Since several weeks ago I had just gone through everything in the refrigerator, checked the dates, and discarded anything that was out of date, I was ahead of him on this one. Now I'm not saying there were not some mystery items in there and some dishes that resembled science projects gone astray.

Mindlessly I moved the milk and cartons of cream to the cooler to be relocated in the other fridge. My DH looked at me. "Do you want us all the die? You are just like your Mama."

This is where I take offense. Of course all the dairy products needed to be tossed.
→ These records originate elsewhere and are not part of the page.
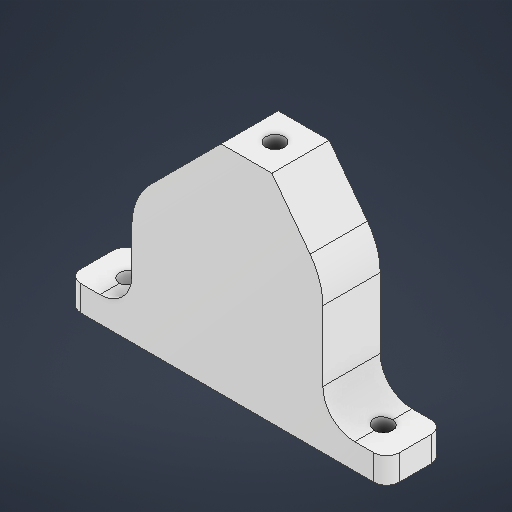
# Autodesk Inventor part: LeftLevelBlock
Saved by Autodesk Inventor 2026.2 (Build 302298000, 298)
## iProperties
Created: 2026-06-02
Part Number: LeftLevelBlock
Material: ABS Plastic
Document SubType Name: Modeling
Designer: gaoet
Density: 1.06 g/cm^3
Appearance: Smooth - White
Author: gaoet
Autodesk Inventor part; units mm, degrees
ref_plane "YZ Plane" through (0, 0, 0) normal (1, 0, 0) x (0, 1, 0)
ref_plane "XZ Plane" through (0, 0, 0) normal (0, 1, 0) x (-1, 0, 0)
ref_plane "XY Plane" through (0, 0, 0) normal (0, 0, 1) x (1, 0, 0)
sketch "Sketch1" plane through (0, 0, 0) normal (0, 0, 1) x (1, 0, 0)
  line L0 (-25, -5) -> (25, -5)
  line L1 (25, -5) -> (25, 5)
  line L2 (25, 5) -> (-25, 5)
  line L3 (-25, 5) -> (-25, -5)
  line L4 (-25, -5) -> (25, 5) construction
  line L5 (25, -5) -> (-25, 5) construction
  line L6 (-25, 5) -> (-1, 29)
  line L7 (-1, 29) -> (7, 29)
  line L8 (7, 29) -> (25, 5)
  line L9 (3, 29) -> (3, 5) construction
  point P0 (0, 0)
  dimension "d0" = 28
  dimension "d1" = 50
  dimension "d2" = 34
  dimension "d3" = 8
  dimension "d4" = 10
  constraints: 20 end point, 3 midpoint, 2 horizontal, 2 parallel, 2 perpendicular, 1 point on line
  measures "d0" distance between parallel lines of L3 L9
  measures "d1" distance of L0.start L0.end
  measures "d2" distance between parallel lines of L0 L7
  measures "d3" distance of L6.end L7.end
  measures "d4" distance of L0.end L1.end
extrude "Extrusion1" add sketch "Sketch1" along normal blind 9
sketch "Sketch2" plane through (-25, -5, 0) normal (0, -1, 0) x (1, 0, 0)
  line L0 (0, 0) -> (50, 0) projected
  line L1 (50, 0) -> (50, 9) projected
  line L2 (0, 9) -> (50, 9) projected
  line L3 (0, 0) -> (0, 9) projected
  point P0 (25, 0)
  point P1 (5, 4.5)
  point P2 (25, 4.5)
  point P3 (45, 4.5)
  point P4 (50, 4.5)
  dimension "d7" = 20
  dimension "d8" = 20
  dimension "d9" = 5
  constraints: 3 horizontal alignment, 1 midpoint
  measures "d7" distance of point (45, 4.5) point (25, 4.5)
  measures "d8" distance of point (5, 4.5) point (25, 4.5)
  measures "d9" distance from line of L1 point (45, 4.5)
hole "Hole1" at (20, -5, 4.5) at (-20, -5, 4.5) at (0, -5, 4.5) direction (0, 1, 0) diameter 2.9 depth 10
sketch "Sketch3" plane through (-1, 29, 0) normal (0, 1, 0) x (1, 0, 0)
  line L0 (8, 0) -> (0, 0) projected
  line L1 (0, 0) -> (0, -9) projected
  line L2 (8, -9) -> (0, -9) projected
  line L3 (8, 0) -> (8, -9) projected
  point P0 (1, 0)
  point P1 (4, -4.5)
  point P2 (8, -4.5)
  point P3 (4, 0)
  constraints: 2 midpoint, 1 horizontal alignment, 1 vertical alignment
hole "Hole2" at (3, 29, 4.5) direction (0, -1, 0) diameter 2.9 depth 20
sketch "Sketch4" plane through (0, 0, 0) normal (0, 0, -1) x (-1, 0, 0)
  line L0 (-18.55, -5) -> (-21.45, -5) projected
  line L1 (-21.45, 5) -> (-18.55, 5) projected
  line L2 (-25, -5) -> (-25, 5) projected
  line L3 (-25, -1) -> (-15, -1)
  line L4 (-15, -1) -> (-15, 18.3333)
  line L5 (25, -5) -> (-25, -5) projected
  line L6 (-7, 29) -> (1, 29) projected
  line L7 (-25, 5) -> (-7, 29) projected
  line L8 (-25, -5) -> (-25, 5) projected
  line L9 (25, -5) -> (-25, -5) projected
  line L10 (25, 5) -> (25, -5) projected
  line L11 (1, 29) -> (25, 5) projected
  line L12 (21.45, 5) -> (21.45, -5) projected
  line L13 (18.55, 5) -> (18.55, -5) projected
  line L14 (-15, -1) -> (25, -1)
  line L15 (15, -1) -> (15, 15)
  point P0 (0, 0)
  dimension "d25" = 3.55
  dimension "d26" = 4
  dimension "d27" = 3.55
  constraints: 8 end point, 5 point on line, 3 perpendicular, 1 vertical
  measures "d25" distance from line of L4 L1.end
  measures "d26" distance between parallel lines of L5 L3
  measures "d27" distance between parallel lines of L13 L15
extrude "Extrusion2" cut sketch "Sketch4" against normal through all contours L14 L15 L11 L10 | L2 L7 L4 L3
fillet "Fillet2" radius 5 2 edges at (15, -1, 4.5) (-15, -1, 4.5)
fillet "Fillet3" radius 2 4 edges at (25, -3, 0) (25, -3, 9) (-25, -3, 0) (-25, -3, 9)
fillet "Fillet4" radius 10 2 edges at (-15, 15, 4.5) (15, 18.3333, 4.5)
equation "\"d8\" = d7"
equation "\"d27\" = d25"
body "Solid1"

What my DH was referring was Mama's reputation for her notorious kitchen in her early days when she was predisposed for a little nip here and there. In fact there is little doubt in my mind that my immune system was greatly enhanced by the antibiotics that were sometimes produced in our kitchen while I was growing up. My DH is quick to remind me of it, given his mother's kitchen looked like the poster for a Mr. Clean commercial. Her floor was so clean it squeaked when you walked on it but who is going to eat off the floor.

This is one more reason your best friend is the one when you die, you can count on to get to your house and clean out your refrigerator before the church ladies show up with food. Knowing you have that most important task taken care of will allow a lady to rest in peace. A husband could never discern between the perished pears and pickled ginger, the old cannoli and the can of oriental mustard, an expired jug of juice and an expensive jar of blackberry jam, or an old bottle of mustard and perfectly fine mason jar of hot sauce. 

There is a reason I can put together strange recipes on the fly - and it is not because I have bare refrigerator shelves. Show me a lady with a refrigerator free of condiments and I'll show you a lady who can only make reservations for supper.